Estava vivendo a base de morfina, com um oxigênio ligado a mim 24 horas do dia. Mas podia ir em paz, tinha feito uma coisa que amava, música, mas letra e música, ainda disse ao Jair, a maioria das pessoas nem sabem quem eu sou, só me conhecem pelas minha músicas, isso se um apresentador diga algo, a maioria não diz.
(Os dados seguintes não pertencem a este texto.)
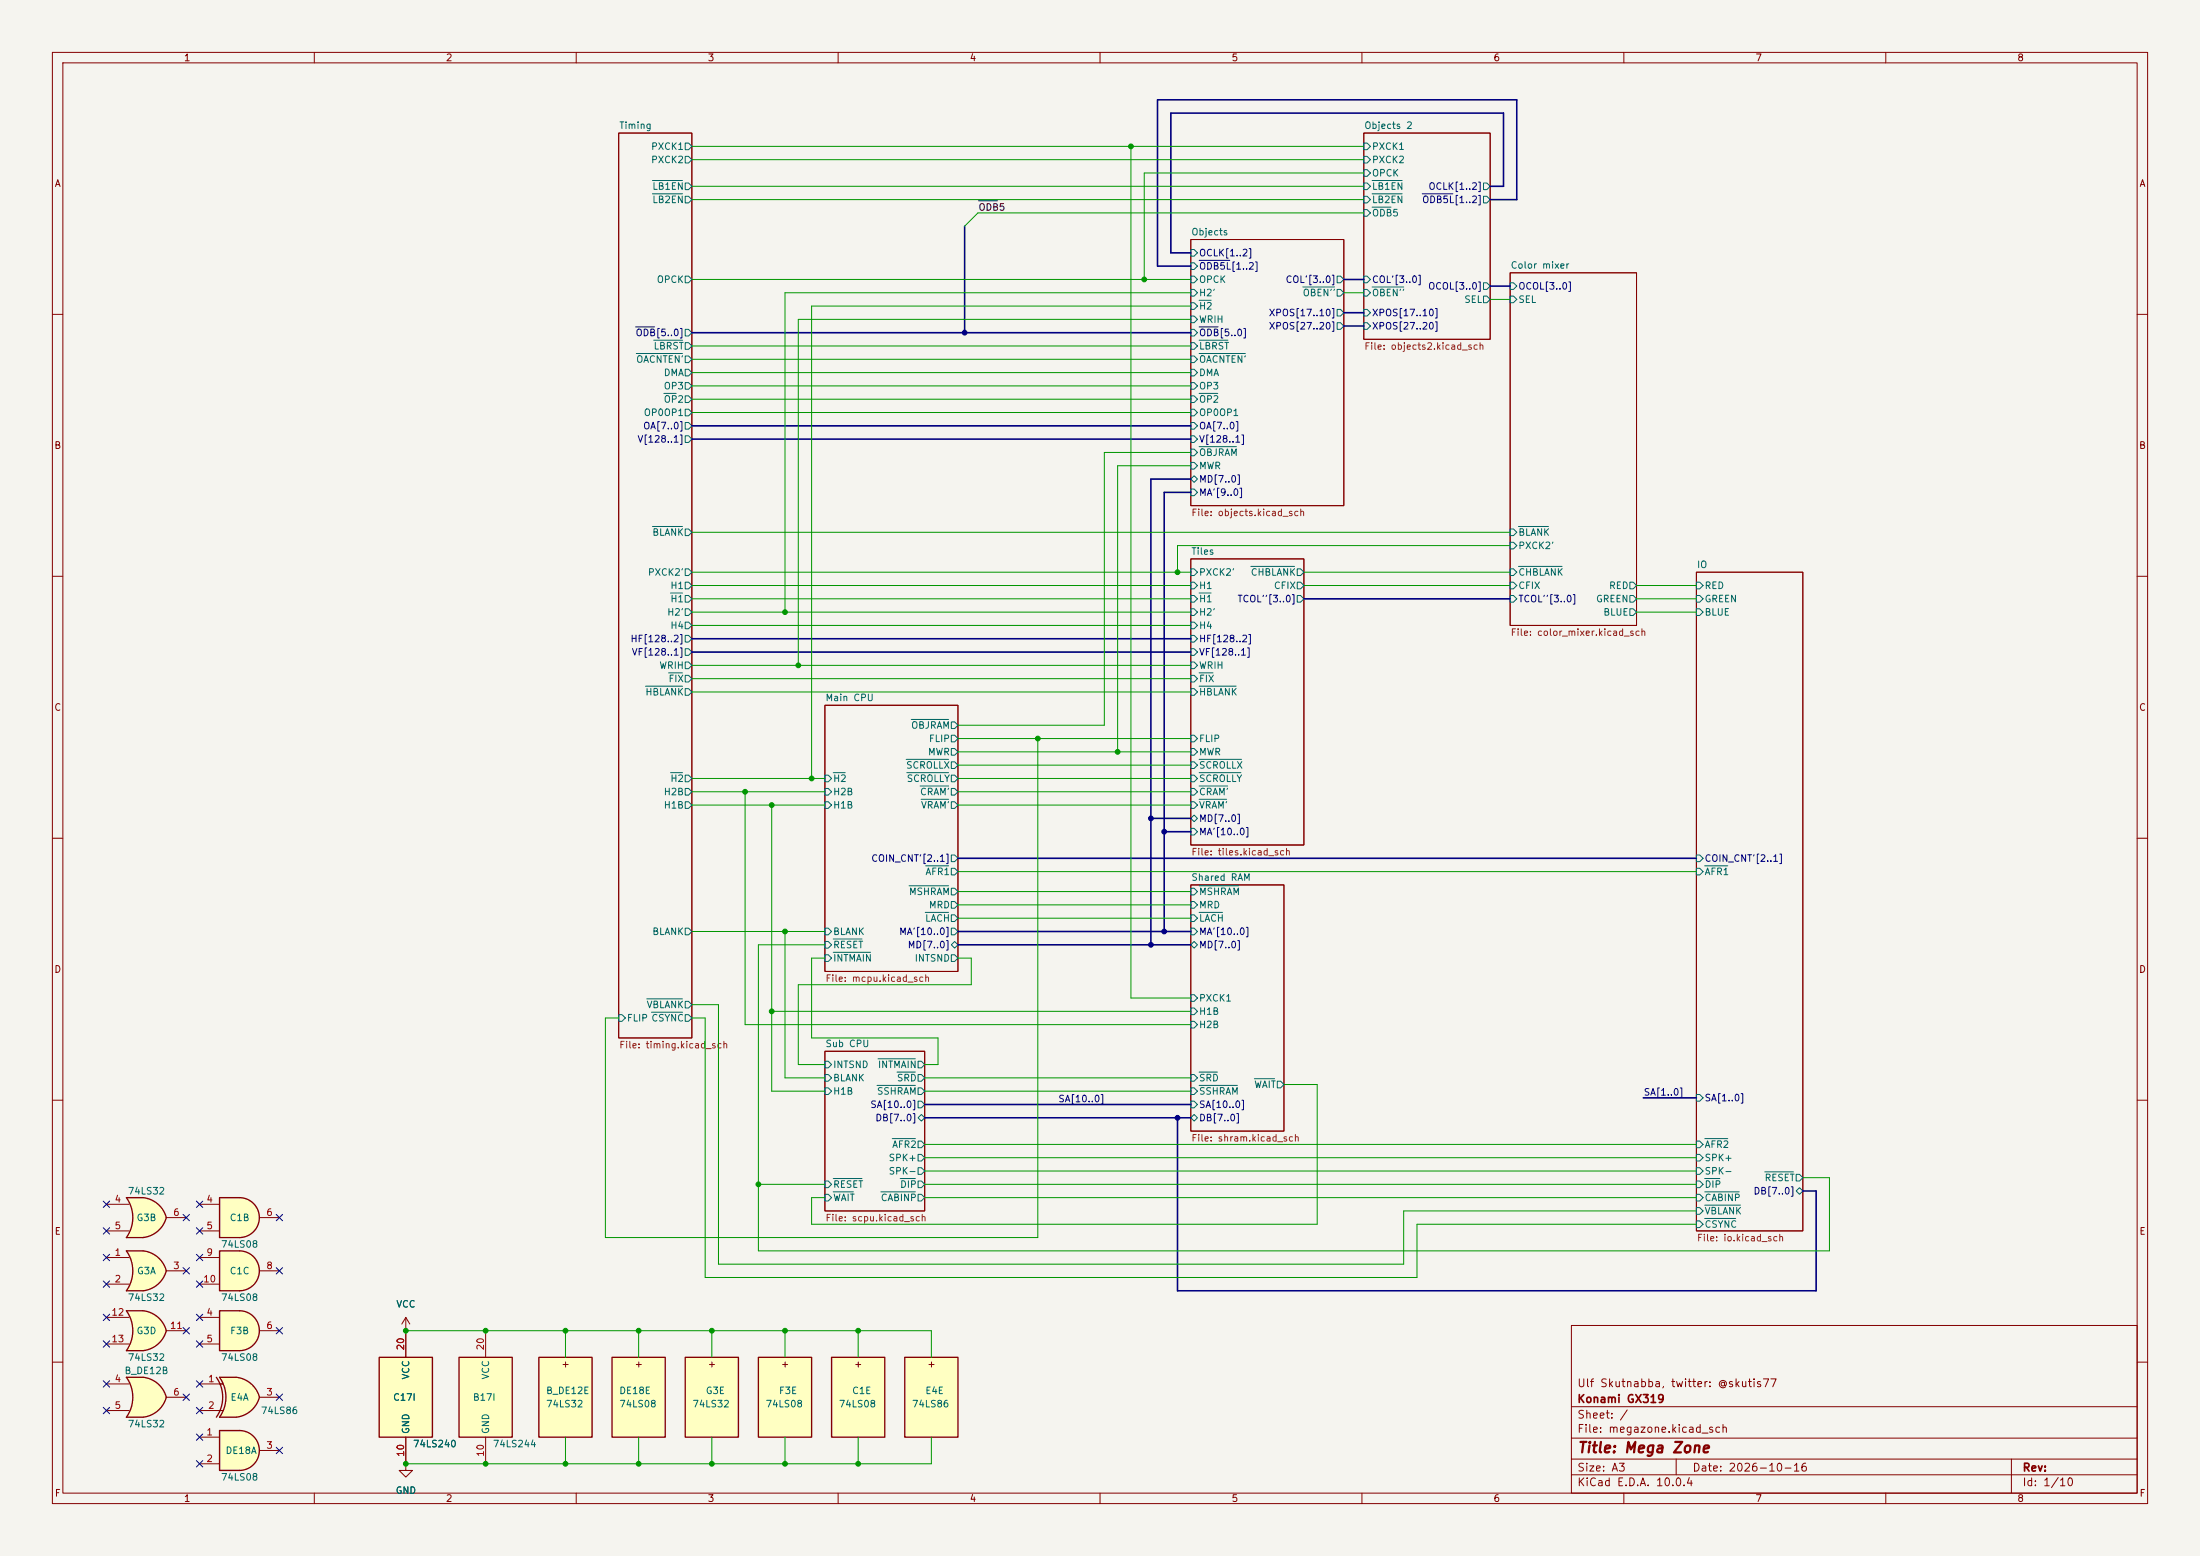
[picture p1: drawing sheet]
<svg xmlns="http://www.w3.org/2000/svg" width="420mm" height="297mm" viewBox="0 0 420 297" stroke-linecap="round" stroke-linejoin="round" font-family="sans-serif">
<path d="M0 0h420v297h-420z" fill="#f5f4ef" stroke="#f5f4ef" stroke-width=".19"/>
<g fill="none" stroke="#840000" stroke-width=".19">
<path d="M10 10h400v277h-400zM12 12h396v273h-396zM60 10v2M110 10v2M160 10v2M210 10v2M260 10v2M310 10v2M360 10v2M118.1 25.4h14v172.7h-14zM260.3 25.4h24.2v39.4h-24.2zM227.3 45.7h29.2v50.8h-29.2z"/>
<path d="M288.3 52.1h24.1v67.3h-24.1zM10 60h2M408 60h2M10 110h2M227.3 106.7h21.6v54.6h-21.6zM323.8 109.2h20.4v125.7h-20.4zM408 110h2M157.5 134.6h25.4v50.8h-25.4zM10 160h2M408 160h2M227.3 168.9h17.8v47h-17.8zM10 210h2"/>
<path d="M157.5 200.7h19v30.4h-19zM408 210h2M300 253h108v32h-108zM10 260h2M300 278.5h108M300 274.5h108M300 268.5h108M320 278.5v3M384 278.5v6.5M408 260h2M60 285v2M110 285v2"/>
<path d="M160 285v2M210 285v2M260 285v2M300 281.5h108M310 285v2M360 285v2"/>
</g>
<g fill="none" stroke="#006464" stroke-width=".19">
<path d="M124.6 37h5.7M124.6 34.5h5.7M130.8 37.5h.6l.7 .6-.7 .6h-.6zM130.8 34.9h.6l.7 .7-.7 .6h-.6zM130.8 29.8h.6l.7 .7-.7 .6h-.6zM130.8 27.3h.6l.7 .6-.7 .7h-.6zM260.3 37.5h.7l.6 .6-.6 .6h-.7zM260.3 34.9h.7l.6 .7-.6 .6h-.7zM260.3 32.4h.7l.6 .6-.6 .7h-.7zM260.3 29.8h.7l.6 .7-.6 .6h-.7zM260.3 27.3h.7l.6 .6-.6 .7h-.7zM261.9 37h5.8"/>
<path d="M261.9 34.5h5.8M261.9 39.5h3.7M283.2 37.5h.6l.7 .6-.7 .6h-.6zM283.2 34.9h.6l.7 .7-.7 .6h-.6zM130.8 52.7h.6l.7 .6-.7 .7h-.6zM227.3 55.2h.7l.6 .7-.6 .6h-.7zM227.3 47.6h.7l.6 .7-.6 .6h-.7zM227.3 50.2h.7l.6 .6-.6 .6h-.7zM227.3 57.8h.7l.6 .6-.6 .7h-.7zM227.3 52.7h.7l.6 .6-.6 .7h-.7zM228.9 57.3h2.3M248.7 54.8h6"/>
<path d="M255.3 59.1h.6l.6 .6-.6 .6h-.6zM255.3 55.2h.6l.6 .7-.6 .6h-.6zM255.3 52.7h.6l.6 .6-.6 .7h-.6zM260.3 52.7h.7l.6 .6-.6 .7h-.7zM260.3 55.2h.7l.6 .7-.6 .6h-.7zM260.3 59.1h.7l.6 .6-.6 .6h-.7zM260.3 40h.7l.6 .6-.6 .7h-.7zM261.9 54.8h6.1M283.2 56.5h.6l.7 .7-.7 .6h-.6zM283.2 54h.6l.7 .6-.7 .6h-.6zM288.3 54h.6l.7 .6-.7 .6h-.6zM288.3 56.5h.6l.7 .7-.7 .6h-.6z"/>
<path d="M121.5 67.5h8.8M124.8 64.9h5.5M126.7 75.1h2.4M130.8 67.9h.6l.7 .7-.7 .6h-.6zM130.8 70.5h.6l.7 .6-.7 .7h-.6zM130.8 73h.6l.7 .7-.7 .6h-.6zM130.8 75.6h.6l.7 .6-.7 .6h-.6zM130.8 78.1h.6l.7 .6-.7 .7h-.6zM130.8 62.9h.6l.7 .6-.7 .6h-.6zM130.8 65.4h.6l.7 .6-.7 .7h-.6zM227.3 65.4h.7l.6 .6-.6 .7h-.7zM227.3 60.3h.7l.6 .7-.6 .6h-.7z"/>
<path d="M227.3 70.5h.7l.6 .6-.6 .7h-.7zM227.3 62.9h.7l.6 .6-.6 .6h-.7zM227.3 78.1h.7l.6 .6-.6 .7h-.7zM227.3 67.9h.7l.6 .7-.6 .6h-.7zM227.3 75.6h.7l.6 .6-.6 .6h-.7zM227.3 73h.7l.6 .7-.6 .6h-.7zM228.9 67.5h8.8M228.9 75.1h3.6M228.9 64.9h5.5M255.3 61.6h.6l.6 .6-.6 .7h-.6zM260.3 61.6h.7l.6 .6-.6 .7h-.7zM130.8 80.6h.6l.7 .7-.7 .6h-.6z"/>
<path d="M130.8 83.2h.6l.7 .6-.7 .7h-.6zM227.3 85.7h.7l.6 .7-.6 .6h-.7zM227.3 91.4l.7-.6 .6 .6-.6 .7zM227.3 88.3h.7l.6 .6-.6 .6h-.7zM227.3 80.6h.7l.6 .7-.6 .6h-.7zM227.3 93.3h.7l.6 .7-.6 .6h-.7zM227.3 83.2h.7l.6 .6-.6 .7h-.7zM228.9 85.3h7.1M124.6 100.5h5.7M128 113.2h2.3M130.8 101h.6l.7 .6-.7 .6h-.6zM130.8 111.1h.6l.7 .7-.7 .6h-.6z"/>
<path d="M130.8 108.6h.6l.7 .6-.7 .7h-.6zM130.8 116.2h.6l.7 .6-.7 .7h-.6zM130.8 113.7h.6l.7 .6-.7 .6h-.6zM130.8 118.7h.6l.7 .7-.7 .6h-.6zM227.3 113.7h.7l.6 .6-.6 .6h-.7zM227.3 118.7h.7l.6 .7-.6 .6h-.7zM227.3 111.1h.7l.6 .7-.6 .6h-.7zM227.3 116.2h.7l.6 .6-.6 .7h-.7zM227.3 108.6h.7l.6 .6-.6 .7h-.7zM228.9 113.2h2.3M238.8 108.1h8.3M247.6 111.1h.7l.6 .7-.6 .6h-.7z"/>
<path d="M247.6 108.6h.7l.6 .6-.6 .7h-.7zM247.6 113.7h.7l.6 .6-.6 .6h-.7zM288.3 113.7h.6l.7 .6-.7 .6h-.6zM288.3 101h.6l.7 .6-.7 .6h-.6zM288.3 111.1h.6l.7 .7-.7 .6h-.6zM288.3 108.6h.6l.7 .6-.7 .7h-.6zM288.3 103.5h.6l.7 .6-.7 .7h-.6zM289.9 100.5h5.7M289.9 108.1h8.3M311.1 111.1h.7l.6 .7-.6 .6h-.7zM311.1 113.7h.7l.6 .6-.6 .6h-.7zM311.1 116.2h.7l.6 .6-.6 .7h-.7z"/>
<path d="M323.8 111.1h.7l.6 .7-.6 .6h-.7zM323.8 113.7h.7l.6 .6-.6 .6h-.7zM323.8 116.2h.7l.6 .6-.6 .7h-.7zM123.2 131h7.1M127.6 128.4h2.7M130.8 126.4h.6l.7 .6-.7 .6h-.6zM130.8 121.3h.6l.7 .6-.7 .7h-.6zM130.8 123.8h.6l.7 .7-.7 .6h-.6zM130.8 128.9h.6l.7 .6-.7 .7h-.6zM130.8 131.4h.6l.7 .7-.7 .6h-.6zM174 137.3h7.1M181.6 137.8h.6l.7 .6-.7 .7h-.6z"/>
<path d="M227.3 121.3h.7l.6 .6-.6 .7h-.7zM227.3 123.8h.7l.6 .7-.6 .6h-.7zM227.3 126.4h.7l.6 .6-.6 .6h-.7zM227.3 131.4h.7l.6 .7-.6 .6h-.7zM227.3 128.9h.7l.6 .6-.6 .7h-.7zM228.9 128.4h2.7M228.9 131h7.1M128 147.5h2.3M130.8 153h.6l.7 .7-.7 .6h-.6zM130.8 148h.6l.7 .6-.7 .6h-.6zM130.8 150.5h.6l.7 .6-.7 .7h-.6zM157.5 150.5h.6l.6 .6-.6 .7h-.6z"/>
<path d="M157.5 148h.6l.6 .6-.6 .6h-.6zM157.5 153h.6l.6 .7-.6 .6h-.6zM159.1 147.5h2.3M173 144.9h8.1M173.1 147.5h8M175.7 150h5.4M175.8 152.6h5.3M181.6 140.3h.6l.7 .7-.7 .6h-.6zM181.6 150.5h.6l.7 .6-.7 .7h-.6zM181.6 153h.6l.7 .7-.7 .6h-.6zM181.6 148h.6l.7 .6-.7 .6h-.6zM181.6 145.4h.6l.7 .7-.7 .6h-.6z"/>
<path d="M181.6 142.9h.6l.7 .6-.7 .6h-.6zM227.3 148h.7l.6 .6-.6 .6h-.7zM227.3 145.4h.7l.6 .7-.6 .6h-.7zM227.3 158.1h.7l.6 .7-.6 .6h-.7zM227.3 156.2l.7-.6 .6 .6-.6 .6zM227.3 142.9h.7l.6 .6-.6 .6h-.7zM227.3 150.5h.7l.6 .6-.6 .7h-.7zM227.3 153h.7l.6 .7-.6 .6h-.7zM227.3 140.3h.7l.6 .7-.6 .6h-.7zM228.9 150h5.4M228.9 152.6h5.3M228.9 147.5h8"/>
<path d="M228.9 144.9h8.1M130.8 177.2h.6l.7 .6-.7 .6h-.6zM157.5 179.7h.6l.6 .6-.6 .7h-.6zM157.5 177.2h.6l.6 .6-.6 .6h-.6zM159.1 179.2h5.5M173.5 169.1h7.6M176.6 174.2h4.5M176.7 165.3h4.4M181.6 165.7h.6l.7 .7-.7 .6h-.6zM181.6 169.5h.6l.7 .7-.7 .6h-.6zM181.6 172.1h.6l.7 .6-.7 .7h-.6zM181.6 174.6h.6l.7 .7-.7 .6h-.6z"/>
<path d="M181.6 177.2h.6l.7 .6-.7 .6h-.6zM181.6 163.2h.6l.7 .6-.7 .7h-.6zM227.3 172.1h.7l.6 .6-.6 .7h-.7zM227.3 174.6h.7l.6 .7-.6 .6h-.7zM227.3 169.5h.7l.6 .7-.6 .6h-.7zM227.3 177.2h.7l.6 .6-.6 .6h-.7zM228.9 169.1h7.6M228.9 174.2h4.5M323.8 163.2h.7l.6 .6-.6 .7h-.7zM323.8 165.7h.7l.6 .7-.6 .6h-.7zM325.4 165.3h4.4M118.1 193.7h.6l.7 .6-.7 .6h-.6z"/>
<path d="M123.5 190.7h6.8M124.4 193.2h5.9M130.8 191.1h.6l.7 .7-.7 .6h-.6zM130.8 193.7h.6l.7 .6-.7 .6h-.6zM157.5 182.2h.6l.6 .7-.6 .6h-.6zM159.1 181.8h7.1M181.6 182.2h.6l.7 .7-.7 .6h-.6zM181.6 180.3l.6-.6 .7 .6-.7 .7zM227.3 194.9h.7l.6 .7-.6 .6h-.7zM227.3 192.4h.7l.6 .6-.6 .7h-.7zM227.3 189.9h.7l.6 .6-.6 .6h-.7zM227.3 180.3l.7-.6 .6 .6-.6 .7z"/>
<path d="M157.5 205.1h.6l.6 .6-.6 .7h-.6zM157.5 202.6h.6l.6 .6-.6 .6h-.6zM157.5 207.6h.6l.6 .7-.6 .6h-.6zM167.4 207.2h7.3M167.6 202.1h7.1M170.3 217.3h4.4M171.2 204.6h3.5M175.3 207.6h.6l.6 .7-.6 .6h-.6zM175.3 217.8h.6l.6 .6-.6 .7h-.6zM175.3 202.6h.6l.6 .6-.6 .6h-.6zM175.3 205.1h.6l.6 .6-.6 .7h-.6zM175.3 213.4l.6-.7 .6 .7-.6 .6z"/>
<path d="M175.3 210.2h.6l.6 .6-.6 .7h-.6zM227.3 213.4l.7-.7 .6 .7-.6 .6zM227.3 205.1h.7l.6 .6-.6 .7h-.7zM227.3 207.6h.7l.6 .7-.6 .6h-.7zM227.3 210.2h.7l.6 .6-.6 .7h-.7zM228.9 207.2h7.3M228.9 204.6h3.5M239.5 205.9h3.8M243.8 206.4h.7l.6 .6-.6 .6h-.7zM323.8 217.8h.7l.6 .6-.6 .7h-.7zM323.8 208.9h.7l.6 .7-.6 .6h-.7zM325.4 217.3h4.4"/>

Soube que um amigo, com quem participava das rodas de samba, tinha montado uma escola, retirei o dinheiro que tinha que receber de várias músicas, o Jair fez contato com ele, lhe entreguei esse dinheiro para comprar instrumentos para sua escola. Foi único, me disse que agradecia, esses meninos precisam de um lugar seguro para aprender alguma coisa, de uns dois ou três seguirem em frente já fico contente.
Um dia, senti, era o momento, via ali ao pés da cama, a José, bem como minha mãe, estendi os braços, fui com elas.